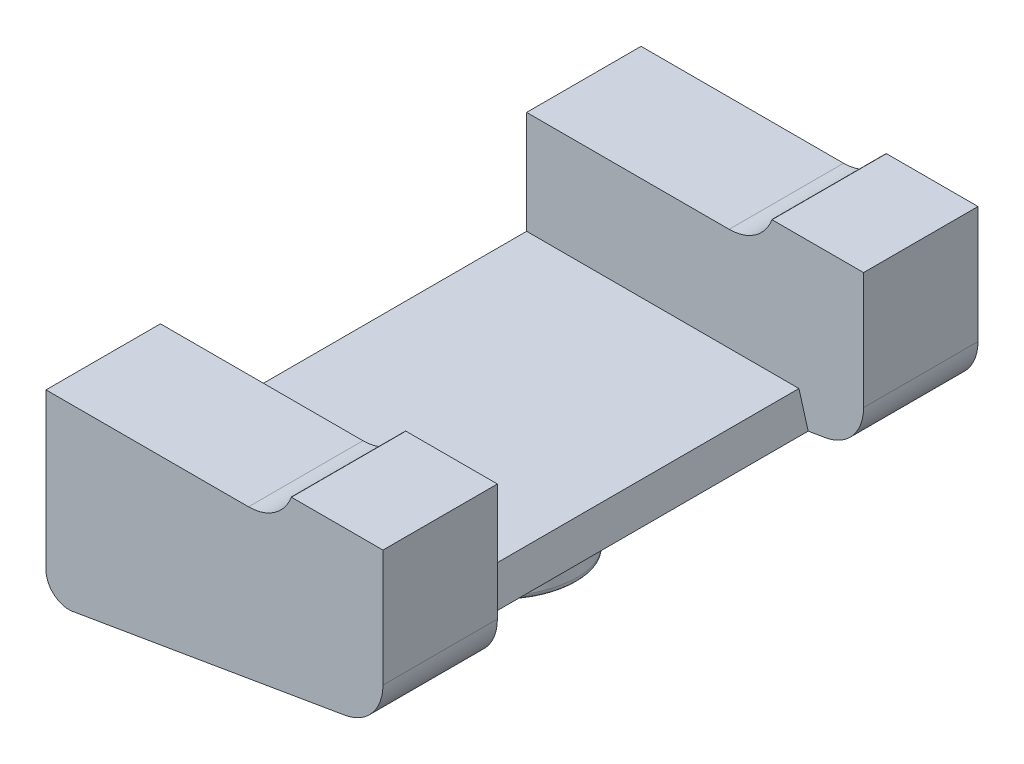
SolidWorks part; units mm, degrees
material "PLA"
ref_plane "Front Plane" through (0, 0, 0) normal (0, 0, 1) x (1, 0, 0)
ref_plane "Top Plane" through (0, 0, 0) normal (0, 1, 0) x (1, 0, 0)
ref_plane "Right Plane" through (0, 0, 0) normal (1, 0, 0) x (0, 0, -1)
sketch "Sketch1" plane through (0, 0, 0) normal (0, 0, 1) x (1, 0, 0)
  line L1 (0, 0) -> (0, -25.5549)
  line L2 (0, 0) -> (0, 36) construction
  line L3 (0, 36) -> (-73.6122, -6.5) construction
  line L4 (-73.6122, -6.5) -> (-73.6122, -40.5794)
  line L5 (-67.7751, -45.5088) -> (-8.3259, -35.4138)
  line L6 (-73.6122, -6.5) -> (-29.3679, -6.5)
  line L7 (-19.971, 0.0798) -> (-20, 0)
  line L8 (-20, 0) -> (0, 0)
  arc A0 (0, -25.5549) -> (-8.3259, -35.4138) centre (-10, -25.5549) cw
  arc A1 (-29.3679, -6.5) -> (-19.971, 0.0798) centre (-29.3679, 3.5) ccw
  arc A2 (-67.7751, -45.5088) -> (-73.6122, -40.5794) centre (-68.6122, -40.5794) cw
  point P10 (0, -34)
  point P15 (-73.6122, -46.5)
  dimension "D8" = 10
  dimension "D9" = 10
  dimension "D10" = 5
  dimension "D1" = 36
  dimension "D2" = 70
  dimension "D3" = 60
  dimension "D4" = 40
  dimension "D5" = 85
  dimension "D6" = 110
  dimension "D7" = 20
extrude "Boss-Extrude1" add sketch "Sketch1" along normal mid plane 130
sketch "Sketch2" plane through (0, 0, 0) normal (0, 0, 1) x (1, 0, 0)
  line L0 (-20, 0) -> (-19.971, 0.0798) construction
  line L1 (0, -25.5549) -> (0, 0) construction
  line L2 (0, 0) -> (-20, 0) construction
  line L3 (-20, 0) -> (-19.971, 0.0798)
  line L4 (0, -25.5549) -> (0, 0)
  line L5 (0, 0) -> (-20, 0)
  line L6 (-21.617, -2.8185) -> (-12.1021, -36.055)
  line L7 (-67.7751, -45.5088) -> (-8.3259, -35.4138) construction
  line L8 (-12.1021, -36.055) -> (-8.3259, -35.4138)
  arc A0 (-29.3679, -6.5) -> (-19.971, 0.0798) centre (-29.3679, 3.5) ccw construction
  arc A1 (-8.3259, -35.4138) -> (0, -25.5549) centre (-10, -25.5549) ccw construction
  arc A2 (-21.617, -2.8185) -> (-19.971, 0.0798) centre (-29.3679, 3.5) ccw
  arc A3 (-8.3259, -35.4138) -> (0, -25.5549) centre (-10, -25.5549) ccw
extrude "Cut-Extrude1" cut sketch "Sketch2" against normal mid plane 80
sketch "Sketch5" plane through (0, -6.5, 0) normal (0, 1, 0) x (1, 0, 0)
  line L0 (-73.6122, -65) -> (-73.6122, 65) construction
  line L1 (-73.6122, 40) -> (-29.4017, 40)
  line L2 (-73.6122, 40) -> (-73.6122, -40)
  line L3 (-73.6122, -40) -> (-29.3679, -40)
  line L5 (-29.3679, -65) -> (-29.3679, 65) construction
  line L6 (-29.3679, 65) -> (-73.6122, 65) construction
  line L7 (-29.3679, -65) -> (-73.6122, -65) construction
  line L8 (-29.3679, -40) -> (0, -40)
  line L9 (0, -40) -> (0, 40)
  line L10 (0, 40) -> (-29.4017, 40)
  dimension "D1" = 25
  dimension "D2" = 25
extrude "Cut-Extrude4" cut sketch "Sketch5" against normal mid plane 45
sketch "Sketch6" plane through (5.6117, -33.0471, 0) normal (0.1674, -0.9859, 0) x (0.9859, 0.1674, 0)
  line L0 (-17.9673, -40) -> (-17.9673, 40) construction
  circle A0 centre (-42.9673, 0) radius 5
  circle A1 centre (-42.9673, 0) radius 12.5
  point P3 (0, 0)
  dimension "D1" = 10
  dimension "D2" = 25
  dimension "D3" = 25
extrude "Boss-Extrude2" add sketch "Sketch6" along normal blind 12
chamfer "Chamfer1" distance 5 angle 45 1 edges at (-49.0728, -42.333, 0)
fillet "Fillet1" radius 1 3 edges at (-22.4167, -49.9783, 0) (-54.0022, -43.1701, 0) (-48.2358, -47.2624, 0)
sketch "Sketch7" plane through (0, 0, 0) normal (0, 0, 1) x (1, 0, 0)
  line L0 (-47.2313, -53.1778) -> (-22.5841, -48.9924) construction
  circle A0 centre (-34.9077, -48.5493) radius 1
  point P4 (-34.9077, -51.0851)
  dimension "D1" = 2
  dimension "D2" = 2.5
extrude "Cut-Extrude5" cut sketch "Sketch7" against normal through all

_The problem_.
Copy out each line in the preceding records that contains "through".

_Finished task_.
ref_plane "Front Plane" through (0, 0, 0) normal (0, 0, 1) x (1, 0, 0)
ref_plane "Top Plane" through (0, 0, 0) normal (0, 1, 0) x (1, 0, 0)
ref_plane "Right Plane" through (0, 0, 0) normal (1, 0, 0) x (0, 0, -1)
sketch "Sketch1" plane through (0, 0, 0) normal (0, 0, 1) x (1, 0, 0)
sketch "Sketch2" plane through (0, 0, 0) normal (0, 0, 1) x (1, 0, 0)
sketch "Sketch5" plane through (0, -6.5, 0) normal (0, 1, 0) x (1, 0, 0)
sketch "Sketch6" plane through (5.6117, -33.0471, 0) normal (0.1674, -0.9859, 0) x (0.9859, 0.1674, 0)
sketch "Sketch7" plane through (0, 0, 0) normal (0, 0, 1) x (1, 0, 0)
extrude "Cut-Extrude5" cut sketch "Sketch7" against normal through all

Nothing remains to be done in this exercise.